Scientists at UC Santa Barbara discovered that relatively young groundwater tends to reach deeper depths in heavily pumped aquifer systems, potentially bringing surface-borne pollutants with it. The study, led by recent postdoctoral fellow Melissa Thaw, appears in Nature Communications.
"We usually think deep groundwater is safe from the contaminants found closer to the Earth's surface," said Thaw. "However, intensive groundwater pumping is pulling recently replenished groundwater to deeper depths, potentially pulling contaminants down, too."

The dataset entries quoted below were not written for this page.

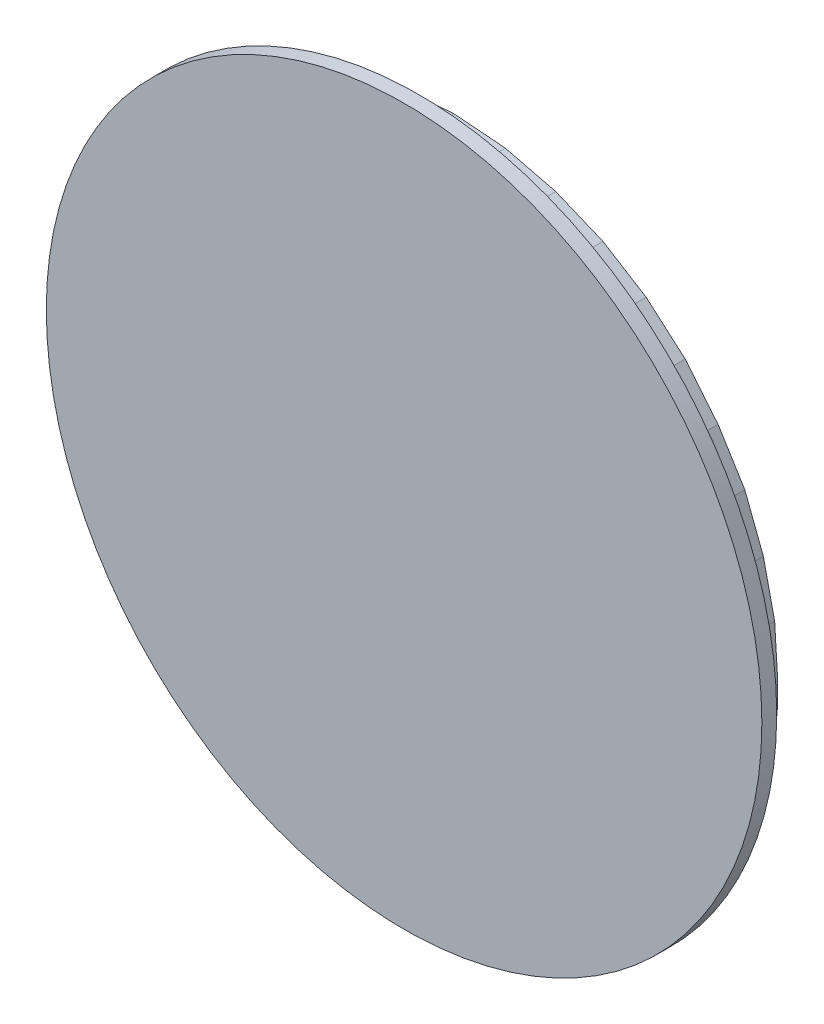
ISO-10303-21;
HEADER;
FILE_DESCRIPTION(('STEP AP214'),'2;1');
FILE_NAME('part.step','',(''),(''),'','','');
FILE_SCHEMA(('AUTOMOTIVE_DESIGN { 1 0 10303 214 1 1 1 1 }'));
ENDSEC;
DATA;
#1=APPLICATION_CONTEXT('core data for automotive mechanical design processes');
#2=APPLICATION_PROTOCOL_DEFINITION('international standard','automotive_design',2000,#1);
#3=PRODUCT_CONTEXT('',#1,'mechanical');
#4=PRODUCT('Part','Part','',(#3));
#5=PRODUCT_RELATED_PRODUCT_CATEGORY('part','',(#4));
#6=PRODUCT_DEFINITION_FORMATION('','',#4);
#7=PRODUCT_DEFINITION_CONTEXT('part definition',#1,'design');
#8=PRODUCT_DEFINITION('design','',#6,#7);
#9=PRODUCT_DEFINITION_SHAPE('','',#8);
#10=(LENGTH_UNIT() NAMED_UNIT(*) SI_UNIT(.MILLI.,.METRE.));
#11=(NAMED_UNIT(*) PLANE_ANGLE_UNIT() SI_UNIT($,.RADIAN.));
#12=(NAMED_UNIT(*) SI_UNIT($,.STERADIAN.) SOLID_ANGLE_UNIT());
#13=UNCERTAINTY_MEASURE_WITH_UNIT(LENGTH_MEASURE(1.E-05),#10,'distance_accuracy_value','');
#14=(GEOMETRIC_REPRESENTATION_CONTEXT(3) GLOBAL_UNCERTAINTY_ASSIGNED_CONTEXT((#13)) GLOBAL_UNIT_ASSIGNED_CONTEXT((#10,
#11,#12)) REPRESENTATION_CONTEXT('',''));
#15=CARTESIAN_POINT('',(0.,0.,0.));
#16=DIRECTION('',(0.,0.,1.));
#17=DIRECTION('',(1.,0.,0.));
#18=AXIS2_PLACEMENT_3D('',#15,#16,#17);
#19=CARTESIAN_POINT('',(0.,0.,12.8));
#20=DIRECTION('',(0.,0.,1.));
#21=DIRECTION('',(1.,0.,0.));
#22=AXIS2_PLACEMENT_3D('',#19,#20,#21);
#23=PLANE('',#22);
#24=CARTESIAN_POINT('',(0.,0.,12.8));
#25=DIRECTION('',(0.,0.,1.));
#26=DIRECTION('',(1.,0.,0.));
#27=AXIS2_PLACEMENT_3D('',#24,#25,#26);
#28=CIRCLE('',#27,26.5);
#29=CARTESIAN_POINT('',(26.5,0.,12.8));
#30=VERTEX_POINT('',#29);
#31=EDGE_CURVE('E44',#30,#30,#28,.T.);
#32=ORIENTED_EDGE('',*,*,#31,.F.);
#33=EDGE_LOOP('',(#32));
#34=FACE_BOUND('',#33,.T.);
#35=DIRECTION('',(0.951244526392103,0.308437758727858,0.));
#36=VECTOR('',#35,1.);
#37=CARTESIAN_POINT('',(7.91909,-24.97584,12.8));
#38=LINE('',#37,#36);
#39=CARTESIAN_POINT('',(5.10071,-25.88969,12.8));
#40=VERTEX_POINT('',#39);
#41=CARTESIAN_POINT('',(7.91909,-24.97584,12.8));
#42=VERTEX_POINT('',#41);
#43=EDGE_CURVE('E57',#40,#42,#38,.T.);
#44=ORIENTED_EDGE('',*,*,#43,.T.);
#45=DIRECTION('',(0.874098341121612,0.485748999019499,0.));
#46=VECTOR('',#45,1.);
#47=CARTESIAN_POINT('',(9.29046,-24.21375,12.8));
#48=LINE('',#47,#46);
#49=CARTESIAN_POINT('',(9.29046,-24.21375,12.8));
#50=VERTEX_POINT('',#49);
#51=EDGE_CURVE('E58',#42,#50,#48,.T.);
#52=ORIENTED_EDGE('',*,*,#51,.T.);
#53=DIRECTION('',(0.,1.,0.));
#54=VECTOR('',#53,1.);
#55=CARTESIAN_POINT('',(9.29046,-22.76387,12.8));
#56=LINE('',#55,#54);
#57=CARTESIAN_POINT('',(9.29046,-22.76387,12.8));
#58=VERTEX_POINT('',#57);
#59=EDGE_CURVE('E766',#50,#58,#56,.T.);
#60=ORIENTED_EDGE('',*,*,#59,.T.);
#61=DIRECTION('',(1.,0.,0.));
#62=VECTOR('',#61,1.);
#63=CARTESIAN_POINT('',(11.4215,-22.76387,12.8));
#64=LINE('',#63,#62);
#65=CARTESIAN_POINT('',(11.4215,-22.76387,12.8));
#66=VERTEX_POINT('',#65);
#67=EDGE_CURVE('E769',#58,#66,#64,.T.);
#68=ORIENTED_EDGE('',*,*,#67,.T.);
#69=DIRECTION('',(0.799837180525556,0.600217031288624,0.));
#70=VECTOR('',#69,1.);
#71=CARTESIAN_POINT('',(13.55584,-21.16221,12.8));
#72=LINE('',#71,#70);
#73=CARTESIAN_POINT('',(13.55584,-21.16221,12.8));
#74=VERTEX_POINT('',#73);
#75=EDGE_CURVE('E775',#66,#74,#72,.T.);
#76=ORIENTED_EDGE('',*,*,#75,.T.);
#77=DIRECTION('',(0.743968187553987,0.668215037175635,0.));
#78=VECTOR('',#77,1.);
#79=CARTESIAN_POINT('',(16.5255,-18.49493,12.8));
#80=LINE('',#79,#78);
#81=CARTESIAN_POINT('',(16.5255,-18.49493,12.8));
#82=VERTEX_POINT('',#81);
#83=EDGE_CURVE('E771',#74,#82,#80,.T.);
#84=ORIENTED_EDGE('',*,*,#83,.T.);
#85=DIRECTION('',(0.63736886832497,0.770558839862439,0.));
#86=VECTOR('',#85,1.);
#87=CARTESIAN_POINT('',(19.11369,-15.36589,12.8));
#88=LINE('',#87,#86);
#89=CARTESIAN_POINT('',(19.11369,-15.36589,12.8));
#90=VERTEX_POINT('',#89);
#91=EDGE_CURVE('E776',#82,#90,#88,.T.);
#92=ORIENTED_EDGE('',*,*,#91,.T.);
#93=DIRECTION('',(0.51408999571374,0.857736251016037,0.));
#94=VECTOR('',#93,1.);
#95=CARTESIAN_POINT('',(21.1691,-11.93653,12.8));
#96=LINE('',#95,#94);
#97=CARTESIAN_POINT('',(21.1691,-11.93653,12.8));
#98=VERTEX_POINT('',#97);
#99=EDGE_CURVE('E779',#90,#98,#96,.T.);
#100=ORIENTED_EDGE('',*,*,#99,.T.);
#101=DIRECTION('',(0.393708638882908,0.919235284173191,0.));
#102=VECTOR('',#101,1.);
#103=CARTESIAN_POINT('',(22.77066,-8.19719,12.8));
#104=LINE('',#103,#102);
#105=CARTESIAN_POINT('',(22.77066,-8.19719,12.8));
#106=VERTEX_POINT('',#105);
#107=EDGE_CURVE('E780',#98,#106,#104,.T.);
#108=ORIENTED_EDGE('',*,*,#107,.T.);
#109=DIRECTION('',(0.246736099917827,0.969082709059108,0.));
#110=VECTOR('',#109,1.);
#111=CARTESIAN_POINT('',(23.76055,-4.30929,12.8));
#112=LINE('',#111,#110);
#113=CARTESIAN_POINT('',(23.76055,-4.30929,12.8));
#114=VERTEX_POINT('',#113);
#115=EDGE_CURVE('E785',#106,#114,#112,.T.);
#116=ORIENTED_EDGE('',*,*,#115,.T.);
#117=DIRECTION('',(0.0955610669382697,0.995423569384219,0.));
#118=VECTOR('',#117,1.);
#119=CARTESIAN_POINT('',(23.98747,-1.94555,12.8));
#120=LINE('',#119,#118);
#121=CARTESIAN_POINT('',(23.98747,-1.94555,12.8));
#122=VERTEX_POINT('',#121);
#123=EDGE_CURVE('E782',#114,#122,#120,.T.);
#124=ORIENTED_EDGE('',*,*,#123,.T.);
#125=DIRECTION('',(0.,1.,0.));
#126=VECTOR('',#125,1.);
#127=CARTESIAN_POINT('',(23.98747,-0.4214,12.8));
#128=LINE('',#127,#126);
#129=CARTESIAN_POINT('',(23.98747,-0.4214,12.8));
#130=VERTEX_POINT('',#129);
#131=EDGE_CURVE('E787',#122,#130,#128,.T.);
#132=ORIENTED_EDGE('',*,*,#131,.T.);
#133=DIRECTION('',(-0.0606250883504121,0.998160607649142,0.));
#134=VECTOR('',#133,1.);
#135=CARTESIAN_POINT('',(23.76055,3.31472,12.8));
#136=LINE('',#135,#134);
#137=CARTESIAN_POINT('',(23.76055,3.31472,12.8));
#138=VERTEX_POINT('',#137);
#139=EDGE_CURVE('E786',#130,#138,#136,.T.);
#140=ORIENTED_EDGE('',*,*,#139,.T.);
#141=DIRECTION('',(-0.218828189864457,0.975763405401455,0.));
#142=VECTOR('',#141,1.);
#143=CARTESIAN_POINT('',(22.92195,7.05407,12.8));
#144=LINE('',#143,#142);
#145=CARTESIAN_POINT('',(22.92195,7.05407,12.8));
#146=VERTEX_POINT('',#145);
#147=EDGE_CURVE('E788',#138,#146,#144,.T.);
#148=ORIENTED_EDGE('',*,*,#147,.T.);
#149=DIRECTION('',(-0.357337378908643,0.933975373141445,0.));
#150=VECTOR('',#149,1.);
#151=CARTESIAN_POINT('',(21.55058,10.63843,12.8));
#152=LINE('',#151,#150);
#153=CARTESIAN_POINT('',(21.55058,10.63843,12.8));
#154=VERTEX_POINT('',#153);
#155=EDGE_CURVE('E792',#146,#154,#152,.T.);
#156=ORIENTED_EDGE('',*,*,#155,.T.);
#157=DIRECTION('',(-0.526119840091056,0.850410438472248,0.));
#158=VECTOR('',#157,1.);
#159=CARTESIAN_POINT('',(19.5708,13.83851,12.8));
#160=LINE('',#159,#158);
#161=CARTESIAN_POINT('',(19.5708,13.83851,12.8));
#162=VERTEX_POINT('',#161);
#163=EDGE_CURVE('E793',#154,#162,#160,.T.);
#164=ORIENTED_EDGE('',*,*,#163,.T.);
#165=DIRECTION('',(-0.633794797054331,0.773501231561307,0.));
#166=VECTOR('',#165,1.);
#167=CARTESIAN_POINT('',(17.13391,16.81256,12.8));
#168=LINE('',#167,#166);
#169=CARTESIAN_POINT('',(17.13391,16.81256,12.8));
#170=VERTEX_POINT('',#169);
#171=EDGE_CURVE('E796',#162,#170,#168,.T.);
#172=ORIENTED_EDGE('',*,*,#171,.T.);
#173=DIRECTION('',(-0.754321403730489,0.656505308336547,0.));
#174=VECTOR('',#173,1.);
#175=CARTESIAN_POINT('',(14.23989,19.3313,12.8));
#176=LINE('',#175,#174);
#177=CARTESIAN_POINT('',(14.23989,19.3313,12.8));
#178=VERTEX_POINT('',#177);
#179=EDGE_CURVE('E798',#170,#178,#176,.T.);
#180=ORIENTED_EDGE('',*,*,#179,.T.);
#181=DIRECTION('',(-0.849804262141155,0.527098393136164,0.));
#182=VECTOR('',#181,1.);
#183=CARTESIAN_POINT('',(11.04332,21.314,12.8));
#184=LINE('',#183,#182);
#185=CARTESIAN_POINT('',(11.04332,21.314,12.8));
#186=VERTEX_POINT('',#185);
#187=EDGE_CURVE('E799',#178,#186,#184,.T.);
#188=ORIENTED_EDGE('',*,*,#187,.T.);
#189=DIRECTION('',(-0.924261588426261,0.381759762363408,0.));
#190=VECTOR('',#189,1.);
#191=CARTESIAN_POINT('',(7.5409,22.76065,12.8));
#192=LINE('',#191,#190);
#193=CARTESIAN_POINT('',(7.5409,22.76065,12.8));
#194=VERTEX_POINT('',#193);
#195=EDGE_CURVE('E802',#186,#194,#192,.T.);
#196=ORIENTED_EDGE('',*,*,#195,.T.);
#197=DIRECTION('',(-0.971118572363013,0.238597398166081,0.));
#198=VECTOR('',#197,1.);
#199=CARTESIAN_POINT('',(3.80828,23.67773,12.8));
#200=LINE('',#199,#198);
#201=CARTESIAN_POINT('',(3.80828,23.67773,12.8));
#202=VERTEX_POINT('',#201);
#203=EDGE_CURVE('E805',#194,#202,#200,.T.);
#204=ORIENTED_EDGE('',*,*,#203,.T.);
#205=DIRECTION('',(-0.996838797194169,0.0794506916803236,0.));
#206=VECTOR('',#205,1.);
#207=CARTESIAN_POINT('',(0.,23.98126,12.8));
#208=LINE('',#207,#206);
#209=CARTESIAN_POINT('',(0.,23.98126,12.8));
#210=VERTEX_POINT('',#209);
#211=EDGE_CURVE('E808',#202,#210,#208,.T.);
#212=ORIENTED_EDGE('',*,*,#211,.T.);
#213=DIRECTION('',(-0.996833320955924,-0.0795193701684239,0.));
#214=VECTOR('',#213,1.);
#215=CARTESIAN_POINT('',(-3.80497,23.67773,12.8));
#216=LINE('',#215,#214);
#217=CARTESIAN_POINT('',(-3.80497,23.67773,12.8));
#218=VERTEX_POINT('',#217);
#219=EDGE_CURVE('E806',#210,#218,#216,.T.);
#220=ORIENTED_EDGE('',*,*,#219,.T.);
#221=DIRECTION('',(-0.96996547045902,-0.243242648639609,0.));
#222=VECTOR('',#221,1.);
#223=CARTESIAN_POINT('',(-7.46196,22.76065,12.8));
#224=LINE('',#223,#222);
#225=CARTESIAN_POINT('',(-7.46196,22.76065,12.8));
#226=VERTEX_POINT('',#225);
#227=EDGE_CURVE('E807',#218,#226,#224,.T.);
#228=ORIENTED_EDGE('',*,*,#227,.T.);
#229=DIRECTION('',(-0.924261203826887,-0.381760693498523,0.));
#230=VECTOR('',#229,1.);
#231=CARTESIAN_POINT('',(-10.96437,21.314,12.8));
#232=LINE('',#231,#230);
#233=CARTESIAN_POINT('',(-10.96437,21.314,12.8));
#234=VERTEX_POINT('',#233);
#235=EDGE_CURVE('E815',#226,#234,#232,.T.);
#236=ORIENTED_EDGE('',*,*,#235,.T.);
#237=DIRECTION('',(-0.855482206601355,-0.51783220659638,0.));
#238=VECTOR('',#237,1.);
#239=CARTESIAN_POINT('',(-14.23988,19.3313,12.8));
#240=LINE('',#239,#238);
#241=CARTESIAN_POINT('',(-14.23988,19.3313,12.8));
#242=VERTEX_POINT('',#241);
#243=EDGE_CURVE('E812',#234,#242,#240,.T.);
#244=ORIENTED_EDGE('',*,*,#243,.T.);
#245=DIRECTION('',(-0.75432140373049,-0.656505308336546,0.));
#246=VECTOR('',#245,1.);
#247=CARTESIAN_POINT('',(-17.1339,16.81256,12.8));
#248=LINE('',#247,#246);
#249=CARTESIAN_POINT('',(-17.1339,16.81256,12.8));
#250=VERTEX_POINT('',#249);
#251=EDGE_CURVE('E816',#242,#250,#248,.T.);
#252=ORIENTED_EDGE('',*,*,#251,.T.);
#253=DIRECTION('',(-0.633794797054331,-0.773501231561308,0.));
#254=VECTOR('',#253,1.);
#255=CARTESIAN_POINT('',(-19.57079,13.83851,12.8));
#256=LINE('',#255,#254);
#257=CARTESIAN_POINT('',(-19.57079,13.83851,12.8));
#258=VERTEX_POINT('',#257);
#259=EDGE_CURVE('E818',#250,#258,#256,.T.);
#260=ORIENTED_EDGE('',*,*,#259,.T.);
#261=DIRECTION('',(-0.511349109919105,-0.859373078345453,0.));
#262=VECTOR('',#261,1.);
#263=CARTESIAN_POINT('',(-21.47492,10.63843,12.8));
#264=LINE('',#263,#262);
#265=CARTESIAN_POINT('',(-21.47492,10.63843,12.8));
#266=VERTEX_POINT('',#265);
#267=EDGE_CURVE('E819',#258,#266,#264,.T.);
#268=ORIENTED_EDGE('',*,*,#267,.T.);
#269=DIRECTION('',(-0.374347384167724,-0.927288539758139,0.));
#270=VECTOR('',#269,1.);
#271=CARTESIAN_POINT('',(-22.92193,7.05407,12.8));
#272=LINE('',#271,#270);
#273=CARTESIAN_POINT('',(-22.92193,7.05407,12.8));
#274=VERTEX_POINT('',#273);
#275=EDGE_CURVE('E825',#266,#274,#272,.T.);
#276=ORIENTED_EDGE('',*,*,#275,.T.);
#277=DIRECTION('',(-0.218015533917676,-0.975945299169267,0.));
#278=VECTOR('',#277,1.);
#279=CARTESIAN_POINT('',(-23.75726,3.31472,12.8));
#280=LINE('',#279,#278);
#281=CARTESIAN_POINT('',(-23.75726,3.31472,12.8));
#282=VERTEX_POINT('',#281);
#283=EDGE_CURVE('E823',#274,#282,#280,.T.);
#284=ORIENTED_EDGE('',*,*,#283,.T.);
#285=DIRECTION('',(-0.0614980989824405,-0.998107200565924,0.));
#286=VECTOR('',#285,1.);
#287=CARTESIAN_POINT('',(-23.98746,-0.4214,12.8));
#288=LINE('',#287,#286);
#289=CARTESIAN_POINT('',(-23.98746,-0.4214,12.8));
#290=VERTEX_POINT('',#289);
#291=EDGE_CURVE('E827',#282,#290,#288,.T.);
#292=ORIENTED_EDGE('',*,*,#291,.T.);
#293=DIRECTION('',(0.,-1.,0.));
#294=VECTOR('',#293,1.);
#295=CARTESIAN_POINT('',(-23.98746,-1.94555,12.8));
#296=LINE('',#295,#294);
#297=CARTESIAN_POINT('',(-23.98746,-1.94555,12.8));
#298=VERTEX_POINT('',#297);
#299=EDGE_CURVE('E829',#290,#298,#296,.T.);
#300=ORIENTED_EDGE('',*,*,#299,.T.);
#301=DIRECTION('',(0.0955568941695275,-0.995423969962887,0.));
#302=VECTOR('',#301,1.);
#303=CARTESIAN_POINT('',(-23.76055,-4.30929,12.8));
#304=LINE('',#303,#302);
#305=CARTESIAN_POINT('',(-23.76055,-4.30929,12.8));
#306=VERTEX_POINT('',#305);
#307=EDGE_CURVE('E828',#298,#306,#304,.T.);
#308=ORIENTED_EDGE('',*,*,#307,.T.);
#309=DIRECTION('',(0.265072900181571,-0.96422837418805,0.));
#310=VECTOR('',#309,1.);
#311=CARTESIAN_POINT('',(-22.69174,-8.19719,12.8));
#312=LINE('',#311,#310);
#313=CARTESIAN_POINT('',(-22.69174,-8.19719,12.8));
#314=VERTEX_POINT('',#313);
#315=EDGE_CURVE('E832',#306,#314,#312,.T.);
#316=ORIENTED_EDGE('',*,*,#315,.T.);
#317=DIRECTION('',(0.377134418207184,-0.926158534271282,0.));
#318=VECTOR('',#317,1.);
#319=CARTESIAN_POINT('',(-21.16907,-11.93653,12.8));
#320=LINE('',#319,#318);
#321=CARTESIAN_POINT('',(-21.16907,-11.93653,12.8));
#322=VERTEX_POINT('',#321);
#323=EDGE_CURVE('E833',#314,#322,#320,.T.);
#324=ORIENTED_EDGE('',*,*,#323,.T.);
#325=DIRECTION('',(0.527804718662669,-0.849365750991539,0.));
#326=VECTOR('',#325,1.);
#327=CARTESIAN_POINT('',(-19.03803,-15.36589,12.8));
#328=LINE('',#327,#326);
#329=CARTESIAN_POINT('',(-19.03803,-15.36589,12.8));
#330=VERTEX_POINT('',#329);
#331=EDGE_CURVE('E836',#322,#330,#328,.T.);
#332=ORIENTED_EDGE('',*,*,#331,.T.);
#333=DIRECTION('',(0.626106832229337,-0.779737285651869,0.));
#334=VECTOR('',#333,1.);
#335=CARTESIAN_POINT('',(-16.5255,-18.49493,12.8));
#336=LINE('',#335,#334);
#337=CARTESIAN_POINT('',(-16.5255,-18.49493,12.8));
#338=VERTEX_POINT('',#337);
#339=EDGE_CURVE('E838',#330,#338,#336,.T.);
#340=ORIENTED_EDGE('',*,*,#339,.T.);
#341=DIRECTION('',(0.752253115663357,-0.658874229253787,0.));
#342=VECTOR('',#341,1.);
#343=CARTESIAN_POINT('',(-13.4802,-21.16221,12.8));
#344=LINE('',#343,#342);
#345=CARTESIAN_POINT('',(-13.4802,-21.16221,12.8));
#346=VERTEX_POINT('',#345);
#347=EDGE_CURVE('E839',#338,#346,#344,.T.);
#348=ORIENTED_EDGE('',*,*,#347,.T.);
#349=DIRECTION('',(0.799835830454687,-0.600218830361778,0.));
#350=VECTOR('',#349,1.);
#351=CARTESIAN_POINT('',(-11.34587,-22.76387,12.8));
#352=LINE('',#351,#350);
#353=CARTESIAN_POINT('',(-11.34587,-22.76387,12.8));
#354=VERTEX_POINT('',#353);
#355=EDGE_CURVE('E845',#346,#354,#352,.T.);
#356=ORIENTED_EDGE('',*,*,#355,.T.);
#357=DIRECTION('',(1.,0.,0.));
#358=VECTOR('',#357,1.);
#359=CARTESIAN_POINT('',(-9.21482,-22.76387,12.8));
#360=LINE('',#359,#358);
#361=CARTESIAN_POINT('',(-9.21482,-22.76387,12.8));
#362=VERTEX_POINT('',#361);
#363=EDGE_CURVE('E844',#354,#362,#360,.T.);
#364=ORIENTED_EDGE('',*,*,#363,.T.);
#365=DIRECTION('',(0.,-1.,0.));
#366=VECTOR('',#365,1.);
#367=CARTESIAN_POINT('',(-9.21482,-24.21375,12.8));
#368=LINE('',#367,#366);
#369=CARTESIAN_POINT('',(-9.21482,-24.21375,12.8));
#370=VERTEX_POINT('',#369);
#371=EDGE_CURVE('E846',#362,#370,#368,.T.);
#372=ORIENTED_EDGE('',*,*,#371,.T.);
#373=DIRECTION('',(0.861964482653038,-0.506968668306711,0.));
#374=VECTOR('',#373,1.);
#375=CARTESIAN_POINT('',(-7.91909,-24.97584,12.8));
#376=LINE('',#375,#374);
#377=CARTESIAN_POINT('',(-7.91909,-24.97584,12.8));
#378=VERTEX_POINT('',#377);
#379=EDGE_CURVE('E329',#370,#378,#376,.T.);
#380=ORIENTED_EDGE('',*,*,#379,.T.);
#381=DIRECTION('',(0.951244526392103,-0.308437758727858,0.));
#382=VECTOR('',#381,1.);
#383=CARTESIAN_POINT('',(-5.10071,-25.88969,12.8));
#384=LINE('',#383,#382);
#385=CARTESIAN_POINT('',(-5.10071,-25.88969,12.8));
#386=VERTEX_POINT('',#385);
#387=EDGE_CURVE('E322',#378,#386,#384,.T.);
#388=ORIENTED_EDGE('',*,*,#387,.T.);
#389=DIRECTION('',(1.,0.,0.));
#390=VECTOR('',#389,1.);
#391=CARTESIAN_POINT('',(5.10071,-25.88969,12.8));
#392=LINE('',#391,#390);
#393=EDGE_CURVE('E330',#386,#40,#392,.T.);
#394=ORIENTED_EDGE('',*,*,#393,.T.);
#395=EDGE_LOOP('',(#44,#52,#60,#68,#76,#84,#92,#100,#108,#116,#124,#132,#140,#148,#156,#164,
#172,#180,#188,#196,#204,#212,#220,#228,#236,#244,#252,#260,#268,#276,#284,#292,#300,#308,#316,
#324,#332,#340,#348,#356,#364,#372,#380,#388,#394));
#396=FACE_BOUND('',#395,.T.);
#397=ADVANCED_FACE('F41',(#34,#396),#23,.F.);
#398=CARTESIAN_POINT('',(0.,0.,13.9));
#399=DIRECTION('',(0.,0.,-1.));
#400=DIRECTION('',(-1.,0.,0.));
#401=AXIS2_PLACEMENT_3D('',#398,#399,#400);
#402=CYLINDRICAL_SURFACE('',#401,26.5);
#403=CARTESIAN_POINT('',(0.,0.,13.9));
#404=DIRECTION('',(0.,0.,1.));
#405=DIRECTION('',(1.,0.,0.));
#406=AXIS2_PLACEMENT_3D('',#403,#404,#405);
#407=CIRCLE('',#406,26.5);
#408=CARTESIAN_POINT('',(26.5,0.,13.9));
#409=VERTEX_POINT('',#408);
#410=EDGE_CURVE('E11',#409,#409,#407,.T.);
#411=ORIENTED_EDGE('',*,*,#410,.F.);
#412=EDGE_LOOP('',(#411));
#413=FACE_BOUND('',#412,.T.);
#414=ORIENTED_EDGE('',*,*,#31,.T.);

Groundwater takes time to move about the subterranean world, flowing between soil particles and through crevices in the rock. Today's raindrops might not be tomorrow's well water; in fact, they might not even be next decade's well water. "Half or more of all the groundwater stored on the planet is rain and snow that fell more than 12,000 years ago," said Scott Jasechko, an associate professor in UC Santa Barbara's Bren School of Environmental Science & Management. Intuitively, the deeper you look, the older the water generally is.
Thaw and fellow postdoc Merhawi GebreEgziabher GebreMichael worked with senior author Jasechko and Jobel Villafañe-Pagán, an undergraduate student at the University of Puerto Rico, Mayagüez, who joined the team via the Geosciences Education & Mentorship Support program. Together, the authors sought to determine how pumping affects the movement of groundwater. To this end, they leveraged a dataset of concentrations of a rare form of hydrogen, known as tritium, in 15,000 groundwater wells across the contiguous United States.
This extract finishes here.